2.1. Continuous-Time Random Walks

A continuous-time (classical) random walk (CRW) is a Markov process with state space V characterised by an initial distribution $\mathbf{p}\left(0\right)$ over the set of nodes and a rate matrix Q that has null row sum ${\sum }_k{Q}_{jk}=0$ for all j. Here, we considered edge-based random walks [42] (as opposed to node-based), which are characterised by setting $Q=-L$, where L is the Laplacian of the underlying graph. In this case, the evolution of the probability vector $\mathbf{p}\left(t\right)$ is governed by the equation:

$$\mathbf{p}\left(t\right)=\mathbf{p}\left(0\right)\mathbf{P}\left(t\right),$$

(3)

where $\mathbf{P}\left(t\right)=e^{-tL}$ is the probability transition matrix, which has the elements $P_{ij}\left(t\right)=\langle j|e^{-itL}|i\rangle$, where i and j are standard basis vectors.

Intuitively, the random walker operates as follows. Every edge of the graph is associated with an independent Poisson process with unit intensity. When the walker is at some node, it will remain there until one of the Poisson processes at an incident edge jumps, at which point, the walker follows that edge to the corresponding neighbour, and the process repeats. Note that this implies that, on average, a random walker will spend less time waiting at a higher-degree node than at a lower-degree node. Furthermore, this method will assign non-zero probabilities to all pairs of nodes in a connected component, due to the continuous-time nature of the walk.

2.2. Continuous-Time Quantum Walks

In contrast to a classical random walk, a quantum walk on a network evolves according to the laws of quantum physics. A major implication of this is that the trajectories of the walker across the network can interfere constructively or destructively. This interference causes the evolution of the quantum walker to sometimes be significantly different from the classical one [17,43].

A continuous-time quantum walk (QW) [16] on a graph G is defined by considering the Hilbert space $\mathcal{H}$ spanned by the orthonormal vectors ${\left\{\left|i\right.〉\right\}}_{i=1}^n$, corresponding to the n nodes of the graph and the unitary transformation $U\left(t\right).$ This transformation implies that the state vector in $\mathcal{H}$ at a time t after starting from initial time $t_0=0$ is given by the evolution:

$$\left|\psi \left(t\right)\right.〉=U\left(t\right)\left|\psi \left(0\right)\right.〉,$$

(4)

where $U\left(t\right)=e^{-itH}$ is the unitary evolution operator and H is the Hamiltonian. In general, the Hamiltonian H can be almost any Hermitian matrix related to G as long as it describes the structure of the network [19], but the most-common choices are the graph adjacency matrix A or the Laplacian L [44]. We also note that, in the classical random walk, the rate matrix Q is required to have a null row sum so that it is probability-conserving, and thus, the Laplacian L is a valid choice. However, for quantum walks, no such restriction exists, and a wider range of walks can be considered by modifying the Hamiltonian, as long as it remains Hermitian [45]. For example, the graph adjacency matrix can be used as a Hamiltonian, but not as a classical rate matrix since its rows do not sum to zero. In this paper, we used both the adjacency and Laplacian matrices as the Hamiltonians separately and, therefore, can compare different realisations of quantum walks for the link prediction task.

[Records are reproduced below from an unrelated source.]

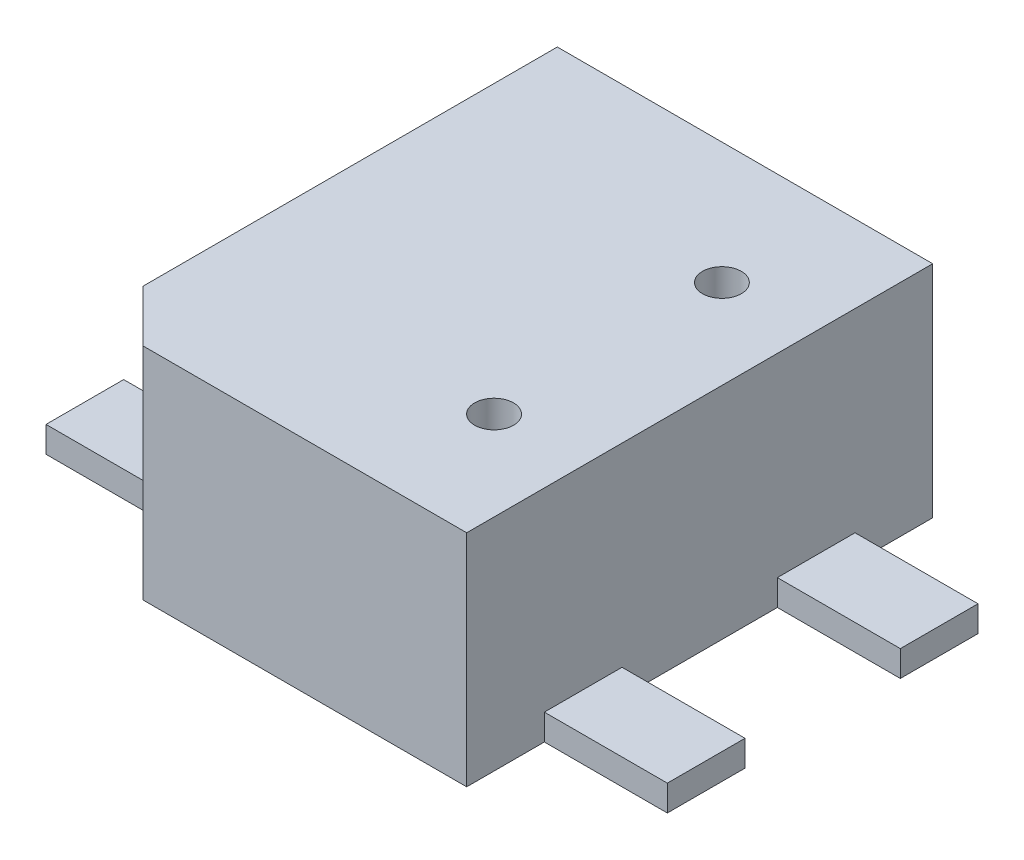
ISO-10303-21;
HEADER;
FILE_DESCRIPTION(('STEP AP214'),'2;1');
FILE_NAME('part.step','',(''),(''),'','','');
FILE_SCHEMA(('AUTOMOTIVE_DESIGN { 1 0 10303 214 1 1 1 1 }'));
ENDSEC;
DATA;
#1=APPLICATION_CONTEXT('core data for automotive mechanical design processes');
#2=APPLICATION_PROTOCOL_DEFINITION('international standard','automotive_design',2000,#1);
#3=PRODUCT_CONTEXT('',#1,'mechanical');
#4=PRODUCT('Part','Part','',(#3));
#5=PRODUCT_RELATED_PRODUCT_CATEGORY('part','',(#4));
#6=PRODUCT_DEFINITION_FORMATION('','',#4);
#7=PRODUCT_DEFINITION_CONTEXT('part definition',#1,'design');
#8=PRODUCT_DEFINITION('design','',#6,#7);
#9=PRODUCT_DEFINITION_SHAPE('','',#8);
#10=(LENGTH_UNIT() NAMED_UNIT(*) SI_UNIT(.MILLI.,.METRE.));
#11=(NAMED_UNIT(*) PLANE_ANGLE_UNIT() SI_UNIT($,.RADIAN.));
#12=(NAMED_UNIT(*) SI_UNIT($,.STERADIAN.) SOLID_ANGLE_UNIT());
#13=UNCERTAINTY_MEASURE_WITH_UNIT(LENGTH_MEASURE(1.E-05),#10,'distance_accuracy_value','');
#14=(GEOMETRIC_REPRESENTATION_CONTEXT(3) GLOBAL_UNCERTAINTY_ASSIGNED_CONTEXT((#13)) GLOBAL_UNIT_ASSIGNED_CONTEXT((#10,
#11,#12)) REPRESENTATION_CONTEXT('',''));
#15=CARTESIAN_POINT('',(0.,0.,0.));
#16=DIRECTION('',(0.,0.,1.));
#17=DIRECTION('',(1.,0.,0.));
#18=AXIS2_PLACEMENT_3D('',#15,#16,#17);
#19=CARTESIAN_POINT('',(-1.45,1.7,-1.8));
#20=DIRECTION('',(1.,0.,0.));
#21=DIRECTION('',(0.,0.,-1.));
#22=AXIS2_PLACEMENT_3D('',#19,#20,#21);
#23=PLANE('',#22);
#24=DIRECTION('',(0.,0.,1.));
#25=VECTOR('',#24,1.);
#26=CARTESIAN_POINT('',(-1.45,0.2,-1.8));
#27=LINE('',#26,#25);
#28=CARTESIAN_POINT('',(-1.45,0.2,0.599999999995748));
#29=VERTEX_POINT('',#28);
#30=CARTESIAN_POINT('',(-1.45,0.2,1.20000000000571));
#31=VERTEX_POINT('',#30);
#32=EDGE_CURVE('E46',#29,#31,#27,.T.);
#33=ORIENTED_EDGE('',*,*,#32,.T.);
#34=DIRECTION('',(0.,-1.,0.));
#35=VECTOR('',#34,1.);
#36=CARTESIAN_POINT('',(-1.45,1.7,1.20000000000571));
#37=LINE('',#36,#35);
#38=CARTESIAN_POINT('',(-1.45,0.,1.20000000000571));
#39=VERTEX_POINT('',#38);
#40=EDGE_CURVE('E230',#31,#39,#37,.T.);
#41=ORIENTED_EDGE('',*,*,#40,.T.);
#42=DIRECTION('',(0.,0.,1.));
#43=VECTOR('',#42,1.);
#44=CARTESIAN_POINT('',(-1.45,0.,-1.8));
#45=LINE('',#44,#43);
#46=CARTESIAN_POINT('',(-1.45,0.,1.40047429049327));
#47=VERTEX_POINT('',#46);
#48=EDGE_CURVE('E291',#39,#47,#45,.T.);
#49=ORIENTED_EDGE('',*,*,#48,.T.);
#50=DIRECTION('',(0.,1.,0.));
#51=VECTOR('',#50,1.);
#52=CARTESIAN_POINT('',(-1.45,1.7,1.40047429049327));
#53=LINE('',#52,#51);
#54=CARTESIAN_POINT('',(-1.45,1.7,1.40047429049327));
#55=VERTEX_POINT('',#54);
#56=EDGE_CURVE('E288',#47,#55,#53,.T.);
#57=ORIENTED_EDGE('',*,*,#56,.T.);
#58=DIRECTION('',(0.,0.,1.));
#59=VECTOR('',#58,1.);
#60=CARTESIAN_POINT('',(-1.45,1.7,-1.8));
#61=LINE('',#60,#59);
#62=CARTESIAN_POINT('',(-1.45,1.7,-1.8));
#63=VERTEX_POINT('',#62);
#64=EDGE_CURVE('E292',#63,#55,#61,.T.);
#65=ORIENTED_EDGE('',*,*,#64,.F.);
#66=DIRECTION('',(0.,-1.,0.));
#67=VECTOR('',#66,1.);
#68=CARTESIAN_POINT('',(-1.45,1.7,-1.8));
#69=LINE('',#68,#67);
#70=CARTESIAN_POINT('',(-1.45,0.,-1.8));
#71=VERTEX_POINT('',#70);
#72=EDGE_CURVE('E302',#63,#71,#69,.T.);
#73=ORIENTED_EDGE('',*,*,#72,.T.);
#74=CARTESIAN_POINT('',(-1.45,0.,-1.20000000000571));
#75=VERTEX_POINT('',#74);
#76=EDGE_CURVE('E303',#71,#75,#45,.T.);
#77=ORIENTED_EDGE('',*,*,#76,.T.);
#78=DIRECTION('',(0.,1.,0.));
#79=VECTOR('',#78,1.);
#80=CARTESIAN_POINT('',(-1.45,1.7,-1.20000000000571));
#81=LINE('',#80,#79);
#82=CARTESIAN_POINT('',(-1.45,0.2,-1.20000000000571));
#83=VERTEX_POINT('',#82);
#84=EDGE_CURVE('E274',#75,#83,#81,.T.);
#85=ORIENTED_EDGE('',*,*,#84,.T.);
#86=DIRECTION('',(0.,0.,1.));
#87=VECTOR('',#86,1.);
#88=CARTESIAN_POINT('',(-1.45,0.2,-1.8));
#89=LINE('',#88,#87);
#90=CARTESIAN_POINT('',(-1.45,0.2,-0.599999999995748));
#91=VERTEX_POINT('',#90);
#92=EDGE_CURVE('E281',#83,#91,#89,.T.);
#93=ORIENTED_EDGE('',*,*,#92,.T.);
#94=DIRECTION('',(0.,-1.,0.));
#95=VECTOR('',#94,1.);
#96=CARTESIAN_POINT('',(-1.45,1.7,-0.599999999995748));
#97=LINE('',#96,#95);
#98=CARTESIAN_POINT('',(-1.45,0.,-0.599999999995748));
#99=VERTEX_POINT('',#98);
#100=EDGE_CURVE('E278',#91,#99,#97,.T.);
#101=ORIENTED_EDGE('',*,*,#100,.T.);
#102=CARTESIAN_POINT('',(-1.45,0.,0.599999999995747));
#103=VERTEX_POINT('',#102);
#104=EDGE_CURVE('E306',#99,#103,#45,.T.);
#105=ORIENTED_EDGE('',*,*,#104,.T.);
#106=DIRECTION('',(0.,1.,0.));
#107=VECTOR('',#106,1.);
#108=CARTESIAN_POINT('',(-1.45,1.7,0.599999999995748));
#109=LINE('',#108,#107);
#110=EDGE_CURVE('E51',#103,#29,#109,.T.);
#111=ORIENTED_EDGE('',*,*,#110,.T.);
#112=EDGE_LOOP('',(#33,#41,#49,#57,#65,#73,#77,#85,#93,#101,#105,#111));
#113=FACE_BOUND('',#112,.T.);
#114=ADVANCED_FACE('F32',(#113),#23,.F.);
#115=CARTESIAN_POINT('',(-1.45,1.7,1.8));
#116=DIRECTION('',(0.,0.,-1.));
#117=DIRECTION('',(-1.,0.,0.));
#118=AXIS2_PLACEMENT_3D('',#115,#116,#117);
#119=PLANE('',#118);
#120=DIRECTION('',(1.,0.,0.));
#121=VECTOR('',#120,1.);
#122=CARTESIAN_POINT('',(-1.45,1.7,1.8));
#123=LINE('',#122,#121);
#124=CARTESIAN_POINT('',(-1.05047429049198,1.7,1.8));
#125=VERTEX_POINT('',#124);
#126=CARTESIAN_POINT('',(1.45,1.7,1.8));
#127=VERTEX_POINT('',#126);
#128=EDGE_CURVE('E295',#125,#127,#123,.T.);
#129=ORIENTED_EDGE('',*,*,#128,.F.);
#130=DIRECTION('',(0.,-1.,0.));
#131=VECTOR('',#130,1.);
#132=CARTESIAN_POINT('',(-1.05047429049198,1.7,1.8));
#133=LINE('',#132,#131);
#134=CARTESIAN_POINT('',(-1.05047429049198,0.,1.8));
#135=VERTEX_POINT('',#134);
#136=EDGE_CURVE('E285',#125,#135,#133,.T.);
#137=ORIENTED_EDGE('',*,*,#136,.T.);
#138=DIRECTION('',(1.,0.,0.));
#139=VECTOR('',#138,1.);
#140=CARTESIAN_POINT('',(-1.45,0.,1.8));
#141=LINE('',#140,#139);
#142=CARTESIAN_POINT('',(1.45,0.,1.8));
#143=VERTEX_POINT('',#142);
#144=EDGE_CURVE('E305',#135,#143,#141,.T.);
#145=ORIENTED_EDGE('',*,*,#144,.T.);
#146=DIRECTION('',(0.,-1.,0.));
#147=VECTOR('',#146,1.);
#148=CARTESIAN_POINT('',(1.45,1.7,1.8));
#149=LINE('',#148,#147);
#150=EDGE_CURVE('E318',#127,#143,#149,.T.);
#151=ORIENTED_EDGE('',*,*,#150,.F.);
#152=EDGE_LOOP('',(#129,#137,#145,#151));
#153=FACE_BOUND('',#152,.T.);
#154=ADVANCED_FACE('F361',(#153),#119,.F.);
#155=CARTESIAN_POINT('',(1.45,1.7,-1.8));
#156=DIRECTION('',(-1.,0.,0.));
#157=DIRECTION('',(0.,0.,1.));
#158=AXIS2_PLACEMENT_3D('',#155,#156,#157);
#159=PLANE('',#158);
#160=DIRECTION('',(0.,0.,-1.));
#161=VECTOR('',#160,1.);
#162=CARTESIAN_POINT('',(1.45,0.,-1.8));
#163=LINE('',#162,#161);
#164=CARTESIAN_POINT('',(1.45,0.,1.20000000000571));
#165=VERTEX_POINT('',#164);
#166=EDGE_CURVE('E309',#143,#165,#163,.T.);
#167=ORIENTED_EDGE('',*,*,#166,.T.);
#168=DIRECTION('',(0.,1.,0.));
#169=VECTOR('',#168,1.);
#170=CARTESIAN_POINT('',(1.45,1.7,1.20000000000571));
#171=LINE('',#170,#169);
#172=CARTESIAN_POINT('',(1.45,0.2,1.20000000000571));
#173=VERTEX_POINT('',#172);
#174=EDGE_CURVE('E228',#165,#173,#171,.T.);
#175=ORIENTED_EDGE('',*,*,#174,.T.);
#176=DIRECTION('',(0.,0.,-1.));
#177=VECTOR('',#176,1.);
#178=CARTESIAN_POINT('',(1.45,0.2,-1.8));
#179=LINE('',#178,#177);
#180=CARTESIAN_POINT('',(1.45,0.2,0.599999999995748));
#181=VERTEX_POINT('',#180);
#182=EDGE_CURVE('E11',#173,#181,#179,.T.);
#183=ORIENTED_EDGE('',*,*,#182,.T.);
#184=DIRECTION('',(0.,-1.,0.));
#185=VECTOR('',#184,1.);
#186=CARTESIAN_POINT('',(1.45,1.7,0.599999999995748));
#187=LINE('',#186,#185);
#188=CARTESIAN_POINT('',(1.45,0.,0.599999999995748));
#189=VERTEX_POINT('',#188);
#190=EDGE_CURVE('E220',#181,#189,#187,.T.);
#191=ORIENTED_EDGE('',*,*,#190,.T.);
#192=CARTESIAN_POINT('',(1.45,0.,-0.599999999995748));
#193=VERTEX_POINT('',#192);
#194=EDGE_CURVE('E311',#189,#193,#163,.T.);
#195=ORIENTED_EDGE('',*,*,#194,.T.);
#196=DIRECTION('',(0.,1.,0.));
#197=VECTOR('',#196,1.);
#198=CARTESIAN_POINT('',(1.45,1.7,-0.599999999995748));
#199=LINE('',#198,#197);
#200=CARTESIAN_POINT('',(1.45,0.2,-0.599999999995748));
#201=VERTEX_POINT('',#200);
#202=EDGE_CURVE('E276',#193,#201,#199,.T.);
#203=ORIENTED_EDGE('',*,*,#202,.T.);
#204=DIRECTION('',(0.,0.,-1.));
#205=VECTOR('',#204,1.);
#206=CARTESIAN_POINT('',(1.45,0.2,-1.8));
#207=LINE('',#206,#205);
#208=CARTESIAN_POINT('',(1.45,0.2,-1.20000000000571));
#209=VERTEX_POINT('',#208);
#210=EDGE_CURVE('E39',#201,#209,#207,.T.);
#211=ORIENTED_EDGE('',*,*,#210,.T.);
#212=DIRECTION('',(0.,-1.,0.));
#213=VECTOR('',#212,1.);
#214=CARTESIAN_POINT('',(1.45,1.7,-1.20000000000571));
#215=LINE('',#214,#213);
#216=CARTESIAN_POINT('',(1.45,0.,-1.20000000000571));
#217=VERTEX_POINT('',#216);
#218=EDGE_CURVE('E265',#209,#217,#215,.T.);
#219=ORIENTED_EDGE('',*,*,#218,.T.);
#220=CARTESIAN_POINT('',(1.45,0.,-1.8));
#221=VERTEX_POINT('',#220);
#222=EDGE_CURVE('E308',#217,#221,#163,.T.);
#223=ORIENTED_EDGE('',*,*,#222,.T.);
#224=DIRECTION('',(0.,-1.,0.));
#225=VECTOR('',#224,1.);
#226=CARTESIAN_POINT('',(1.45,1.7,-1.8));
#227=LINE('',#226,#225);
#228=CARTESIAN_POINT('',(1.45,1.7,-1.8));
#229=VERTEX_POINT('',#228);
#230=EDGE_CURVE('E315',#229,#221,#227,.T.);
#231=ORIENTED_EDGE('',*,*,#230,.F.);
#232=DIRECTION('',(0.,0.,-1.));
#233=VECTOR('',#232,1.);
#234=CARTESIAN_POINT('',(1.45,1.7,-1.8));
#235=LINE('',#234,#233);
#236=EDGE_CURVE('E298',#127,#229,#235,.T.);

In order to obtain a probability transition matrix analogous to the one in Equation (3), we must take the square of the modulus of the entries of $U\left(t\right)$. The entries of the probability transition matrix are given by

$$P_{ij}\left(t\right)=|\langle j|e^{-itH}{|i\rangle |}^2.$$

(5)

These transition probabilities can then be used to compute scores for non-edges as described in Equations (1) and (2) above. Note that, contrary to the classical case, where randomness comes from stochastic transitions between states, in the quantum walk, the state transitions are deterministically governed by the Schrödinger equation, and the randomness results from the measurement and collapse of the wave function.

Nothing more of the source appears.